Bible reading for Feb 14:  Genesis 47; Luke 1:1-38.

Join us!  We are using the two-year Robert Murray M'Cheyne (RMM) Bible reading plan as adapted by D. A. Carson, involving two chapters a day.  One way to do this is to read the OT passage in the morning and the NT in the evening.  The first year you read the NT, the Psalms, and half of the OT.  The second year you read the NT, the Psalms, and the other half of the OT. 

Here's more on this reading plan.  And here's "How to Begin (And Maintain) A Bible Reading Habit".  

You can pick up with us in Exodus (Feb 18) and in Luke now!  Be sure to bookmark Dr. Tom Constable's excellent notes, here in PDF and here linked to the NET Bible


And Jacob said to Pharaoh, "The days of the years of my sojourning are 130 years. Few and evil have been the days of the years of my life, and they have not attained to the days of the years of the life of my fathers in the days of their sojourning." And Jacob blessed Pharaoh and went out from the presence of Pharaoh. (Gen 47:9-10)

Few and evil are the years. Jacob lives, at least to our eyes, to a good old age, but not as long as his ancestors.  He has seen a lot of trouble in those years: being abused and cheated, family troubles, losing precious loved ones, and living as a resident alien in Canaan, and now Egypt.  He is a sojourner, living in tents as a migrant would, waiting on the promises of God.     

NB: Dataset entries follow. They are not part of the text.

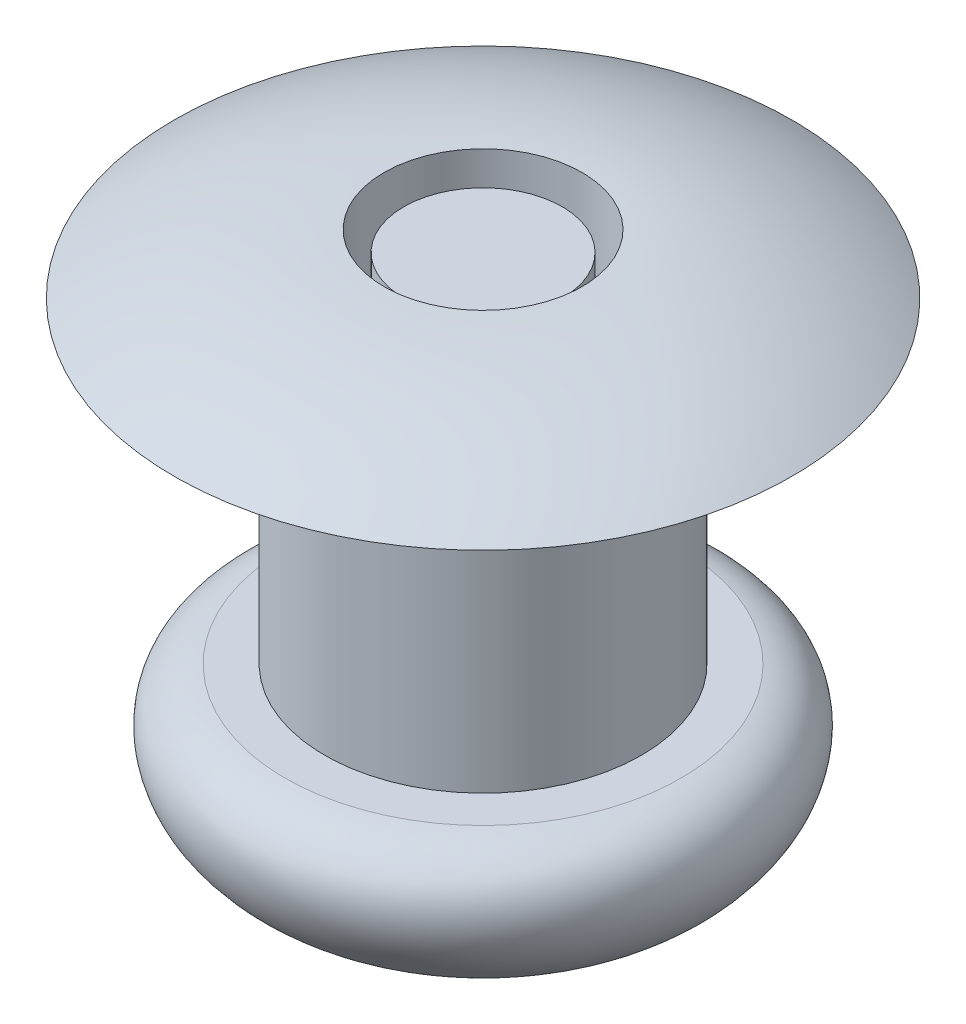
SolidWorks part; units mm, degrees
material "AISI 316 Arkusz stali nierdzewnej (SS)"
ref_plane "Płaszczyzna przednia" through (0, 0, 0) normal (0, 0, 1) x (1, 0, 0)
ref_plane "Płaszczyzna górna" through (0, 0, 0) normal (0, 1, 0) x (1, 0, 0)
ref_plane "Płaszczyzna prawa" through (0, 0, 0) normal (1, 0, 0) x (0, 0, -1)
sketch "Szkic1" plane through (0, 0, 0) normal (0, 0, 1) x (1, 0, 0)
  line L0 (0, 0) -> (0, 0.724) construction
  line L1 (-3.9, 0) -> (-2, 0)
  line L2 (-1.25, 0.75) -> (-1.25, -4)
  line L3 (-2, 0) -> (-2, -4)
  line L4 (-1.25, -4) -> (-1, -4)
  line L5 (-1, -4) -> (-1, 0.5)
  line L6 (-1, 0.5) -> (0, 0.5)
  line L7 (-2, -4) -> (-2.5, -4)
  line L8 (0, 0) -> (0, -5.4215) construction
  line L9 (0, 0.5) -> (0, -5.4215) construction
  line L10 (0, 0.5) -> (0, -5.4215)
  line L15 (6.75, -4) -> (-15.25, -4) construction
  arc A0 (-1.25, 0.75) -> (-3.9, 0) centre (-1.25, -4.3067) ccw
  spline S0 degree 3 poles (-2.5, -4) (-3.3276, -4.1478) (-3.2549, -5.9654) (-0.0301, -6.3768) (-1.229, -4.325) (-0.2169, -5.4912) (0, -5.4215) knots 0 0 0 0 0.343812 0.687239 0.819799 1 1 1 1
  dimension "D1" = 7.8
  dimension "D2" = 0.75
  dimension "D3" = 4
  dimension "D4" = 2.5
  dimension "D5" = 0.5
  dimension "D6" = 2
  dimension "D7" = 5
  dimension "D8" = 1.5978
  dimension "D9" = 0.3519
  dimension "D10" = 1.5835
  dimension "D11" = 1.2582
  dimension "D12" = 1.4215
  dimension "D13" = 0.8591
  dimension "D14" = 0.7171
  dimension "D15" = 1.256
  dimension "D16" = 1.715
  dimension "D17" = 5.1929
  dimension "D18" = 6.0862
revolve "Obrót1" add sketch "Szkic1" angle 360 about L9
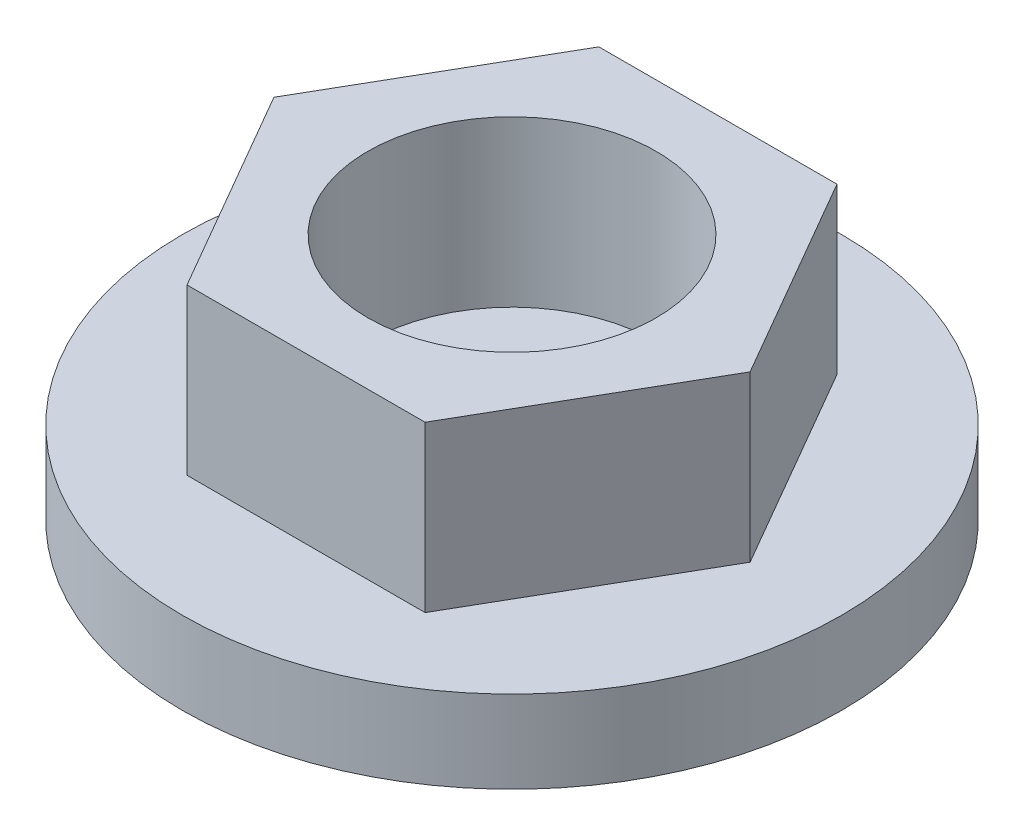
SolidWorks part; units mm, degrees
ref_plane "Alzado" through (0, 0, 0) normal (0, 0, 1) x (1, 0, 0)
ref_plane "Planta" through (0, 0, 0) normal (0, 1, 0) x (1, 0, 0)
ref_plane "Vista lateral" through (0, 0, 0) normal (1, 0, 0) x (0, 0, -1)
sketch "Croquis1" plane through (0, 0, 0) normal (0, 1, 0) x (1, 0, 0)
  circle A0 centre (0, 0) radius 4
  dimension "D1" = 8
extrude "Saliente-Extruir2" add sketch "Croquis1" along normal blind 1
sketch "Croquis2" plane through (0, 1, 0) normal (0, 1, 0) x (1, 0, 0)
  line L1 (1.4419, 2.5008) -> (-1.4448, 2.4992)
  line L2 (-1.4448, 2.4992) -> (-2.8868, -0.0017)
  line L3 (-2.8868, -0.0017) -> (-1.4419, -2.5008)
  line L4 (-1.4419, -2.5008) -> (1.4448, -2.4992)
  line L5 (1.4448, -2.4992) -> (2.8868, 0.0017)
  line L6 (2.8868, 0.0017) -> (1.4419, 2.5008)
  circle A0 centre (0, 0) radius 2.5 construction
  circle A1 centre (0, 0) radius 1.75
  dimension "D2" = 3.5
  dimension "D1" = 5
extrude "Saliente-Extruir3" add sketch "Croquis2" along normal blind 2
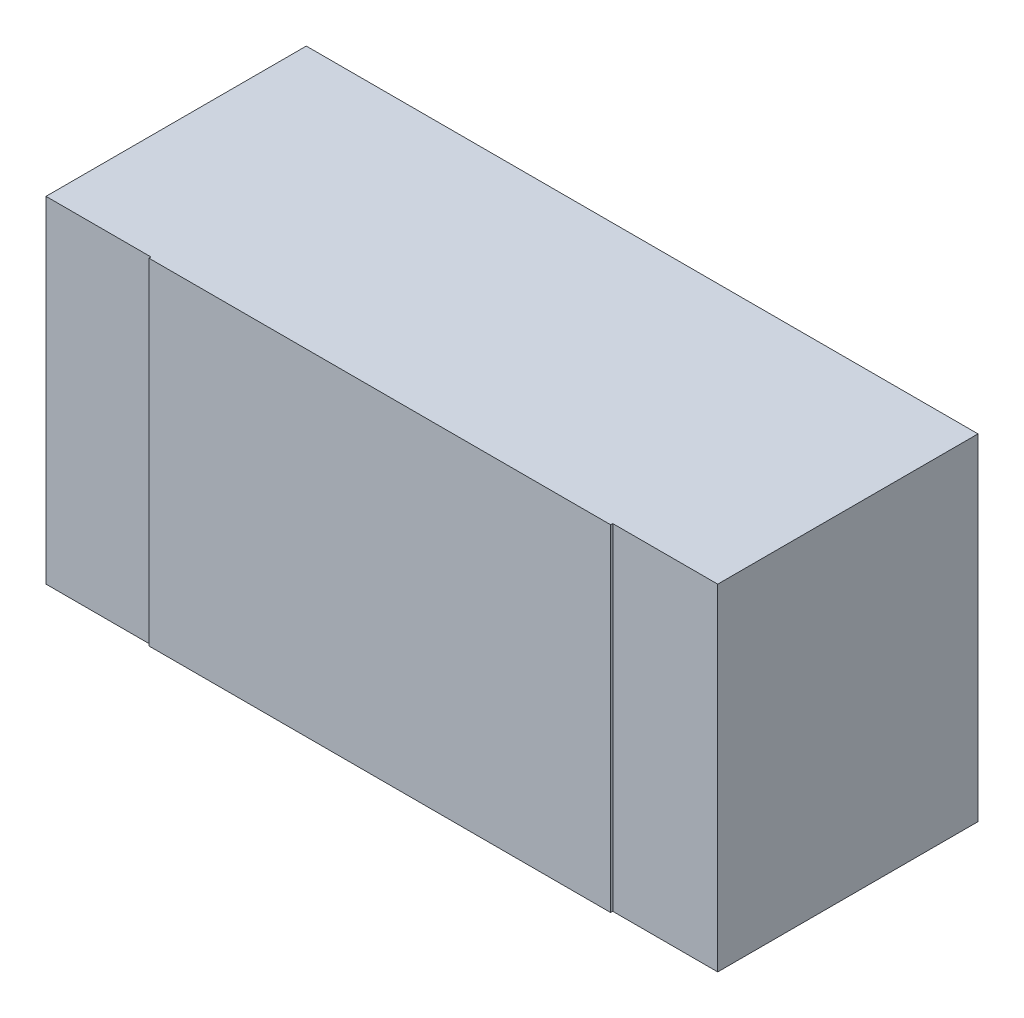
SolidWorks part; units mm, degrees
ref_plane "Спереди" through (0, 0, 0) normal (0, 0, 1) x (1, 0, 0)
ref_plane "Сверху" through (0, 0, 0) normal (0, 1, 0) x (1, 0, 0)
ref_plane "Справа" through (0, 0, 0) normal (1, 0, 0) x (0, 0, -1)
sketch "Эскиз2" plane through (0, 0, 0) normal (0, 0, 1) x (1, 0, 0)
  line L0 (-0.3, 0) -> (2.9, 0) construction
  line L1 (-0.3, 0.8) -> (2.9, 0.8)
  line L2 (-0.3, 0.8) -> (-0.3, -0.8)
  line L3 (-0.3, -0.8) -> (2.9, -0.8)
  line L4 (2.9, 0.8) -> (2.9, -0.8)
  line L5 (1.3, 0.8) -> (1.3, -0.8) construction
  dimension "D1" = 3.2
  dimension "D2" = 1.6
  dimension "D3" = 1.3
extrude "Вытянуть1" add sketch "Эскиз2" along normal blind 1.25
sketch "Эскиз3" plane through (0, 0, 1.25) normal (0, 0, 1) x (1, 0, 0)
  line L0 (2.9, 0.8) -> (-0.3, 0.8) construction
  line L1 (-0.3, 0.8) -> (0.2, 0.8)
  line L2 (-0.3, 0.8) -> (-0.3, -0.8)
  line L3 (-0.3, -0.8) -> (0.2, -0.8)
  line L4 (0.2, 0.8) -> (0.2, -0.8)
  line L5 (2.4, 0.8) -> (2.9, 0.8)
  line L6 (2.4, 0.8) -> (2.4, -0.8)
  line L7 (2.4, -0.8) -> (2.9, -0.8)
  line L8 (2.9, 0.8) -> (2.9, -0.8)
  line L9 (-0.3, -0.8) -> (2.9, -0.8) construction
  dimension "D1" = 0.5
  dimension "D2" = 0.5
extrude "Вырез-Вытянуть1" cut sketch "Эскиз3" against normal blind 0.01

Jacob blesses Pharaoh.  We see here a remarkable, partial fulfillment of God's promise to Abraham in Genesis 12:1-3... "and you will be a blessing (Heb., berakah)... I will bless those who bless you, and him who dishonors you I will curse, and in you all the families of the earth shall be blessed."  Joseph has been a blessing to Egypt, and now Jacob blesses Pharaoh. The Pharaoh honors Jacob, and the land of Egypt is blessed.  We who have received the Lord Jesus -- we who are from a multitude of families on earth -- likewise receive the blessing from God through Christ, blessings which are abundant and eternal in him: "Blessed be the God and Father of our Lord Jesus Christ, who has blessed us in Christ with every spiritual blessing in the heavenly places..." (Eph 1:3)  To speak blessing upon another is to pronounce a good word, or wish, that God would grant life, power, and prosperity to that person. Above all, the word of blessing we speak to others is the word of salvation, the gospel.  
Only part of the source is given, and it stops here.